Continued from Look, I'm just a biochemist, part 1*...
Recently, I had lunch with a colleague who is concerned about how he is perceived in discovery research. The guy is a sr. scientist in DOPI's leads discovery department which assays something in the order of a gazillion compounds in screening "campaigns." He and his group are able to miniaturize assays to volumes the size of fly's tears and make the robots dance like St. Vitus on rye bread. He fits massive numbers of data points to mathematical models, and has a keen eye for what constitutes a lovely and seductive concentration response curve versus the crapola generated by compounds with horrible physical properties . Yet he was troubled. He said he felt increasingly pegged as a "technologist, and not a biologist." I gesticulated with my fork, in mid-bite of a garlicky shrimp and sputtered, bits of crustacean flying, "You, sir...you are not a biologist. You are a biochemist!"

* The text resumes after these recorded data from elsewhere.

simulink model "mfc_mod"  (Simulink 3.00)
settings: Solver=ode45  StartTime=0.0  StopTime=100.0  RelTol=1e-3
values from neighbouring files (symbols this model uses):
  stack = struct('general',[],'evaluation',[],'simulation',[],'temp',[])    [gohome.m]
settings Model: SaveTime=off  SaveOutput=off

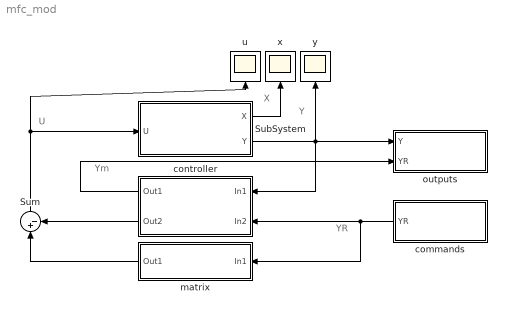
== system mfc_mod ==
  note: U
  note: Y
  note: YR
  note: X
  note: Ym
  SubSystem : Subsystem
      mask Display: disp('PLANT')
  Sum : Sum  Orientation=up  Inputs=|+-  SaturateOnIntegerOverflow=on
  commands : Subsystem  Orientation=left
      mask Display: disp('COMMANDS')
  controller : Subsystem  Orientation=left
      mask Display: disp('CONTROLLER')
  matrix : Subsystem  Orientation=left
      mask Display: disp('Kpf')
  outputs : Subsystem
      mask Display: disp('OUTPUTS')
  u : Scope
      settings: Orientation=up  TimeRange=auto  YMin=-5  YMax=5  SaveToWorkspace=off  SaveName=ScopeData
  x : Scope
      settings: Orientation=up  TimeRange=auto  YMin=-5  YMax=5  SaveToWorkspace=off  SaveName=ScopeData
  y : Scope
      settings: Orientation=up  TimeRange=auto  YMin=-5  YMax=5  SaveToWorkspace=off  SaveName=ScopeData
  wires:
  matrix/1(Out1) -> Sum/1
  SubSystem/1(X) -> x/1
  Sum/1 -> SubSystem/1(U), u/1
  SubSystem/2(Y) -> outputs/1(Y), y/1, controller/1(In1)
  commands/1(YR) -> matrix/1(In1), controller/2(In2)
  controller/2(Out2) -> Sum/2
  controller/1(Out1) -> outputs/2(YR)

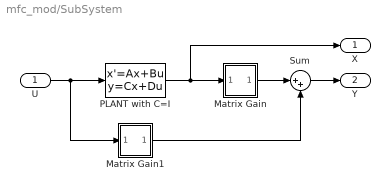
== system mfc_mod/SubSystem ==
  U : Inport  Port=1  PortWidth=-1  SampleTime=-1  DataType=auto
      settings: SignalType=auto
  Matrix Gain : Subsystem  mask(Matrix Gain){K=stack.general.C}
      mask prompts: K "Gain matrix:"
      mask help: Matrix Gain.
      mask Help: Multiplies input vector by entered matrix to produce output vector (y=Au).
      mask Display: disp('C')
  Matrix Gain1 : Subsystem  mask(Matrix Gain){K=stack.general.D}
      mask prompts: K "Gain matrix:"
      mask help: Matrix Gain.
      mask Help: Multiplies input vector by entered matrix to produce output vector (y=Au).
      mask Display: disp('D')
  PLANT with C=I : StateSpace  A=stack.general.A  B=stack.general.B  C=eye(size(stack.general.A))  D=zeros(size(stack.general.A,1),size(stack.general.B,2))  X0=0
  Sum : Sum  Inputs=|++  SaturateOnIntegerOverflow=on
  X : Outport  Port=1
  Y : Outport  Port=2
  wires:
  Matrix Gain/1(Out1) -> Sum/1
  Sum/1 -> Y/1
  PLANT with C=I/1 -> Matrix Gain/1(In1), X/1
  Matrix Gain1/1(Out1) -> Sum/2
  U/1 -> PLANT with C=I/1, Matrix Gain1/1(In1)

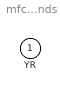
== system mfc_mod/commands ==
  YR : Outport  Orientation=left  Port=1

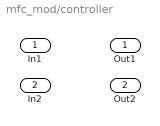
== system mfc_mod/controller ==
  In1 : Inport  Port=1  PortWidth=-1  SampleTime=-1  DataType=auto
      settings: SignalType=auto
  In2 : Inport  Port=2  PortWidth=-1  SampleTime=-1  DataType=auto
      settings: SignalType=auto
  Out1 : Outport  Port=1
  Out2 : Outport  Port=2

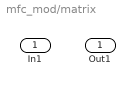
== system mfc_mod/matrix ==
  In1 : Inport  Port=1  PortWidth=-1  SampleTime=-1  DataType=auto
      settings: SignalType=auto
  Out1 : Outport  Port=1

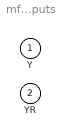
== system mfc_mod/outputs ==
  Y : Inport  Port=1  PortWidth=-1  SampleTime=0  DataType=auto
      settings: SignalType=auto
  YR : Inport  Port=2  PortWidth=-1  SampleTime=0  DataType=auto
      settings: SignalType=auto

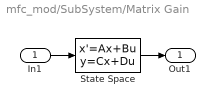
== system mfc_mod/SubSystem/Matrix Gain ==
  In1 : Inport  Port=1  PortWidth=-1  SampleTime=-1  DataType=auto
      settings: SignalType=auto
  State Space : StateSpace  A=[]  B=[]  C=[]  D=K  X0=0
  Out1 : Outport  Port=1
  wires:
  In1/1 -> State Space/1
  State Space/1 -> Out1/1

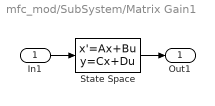
== system mfc_mod/SubSystem/Matrix Gain1 ==
  In1 : Inport  Port=1  PortWidth=-1  SampleTime=-1  DataType=auto
      settings: SignalType=auto
  State Space : StateSpace  A=[]  B=[]  C=[]  D=K  X0=0
  Out1 : Outport  Port=1
  wires:
  In1/1 -> State Space/1
  State Space/1 -> Out1/1

I'm working at my third company, DOPI, and at this one, more than the other two, discovery research scientists are herded into binary bins: chemists and biologists. This wasn't the case at the previous druggie hives in which I toiled. At the first, I was part of a chemistry department, and at the second, I was a biochemist in a company whose CEO trained as an organic chemist then post-doc'ed with a well known biochemist. It was taken for granted at each company that we biochemists had one foot firmly planted in the world of biology and the other in a parallel universe of chemistry. A former colleague made a telling assessment of biochemistry. We had been hired as experienced scientists to crack an especially tough proteolytic nut. After we had been working together for a few months, he stated in wonderment that I knew "a lot about structure-activity relationships (SAR) for a biologist." I gently (!) corrected him. I am a biochemist. That's three parts "bio" and nine parts "chemistry" as one of my old mentors said.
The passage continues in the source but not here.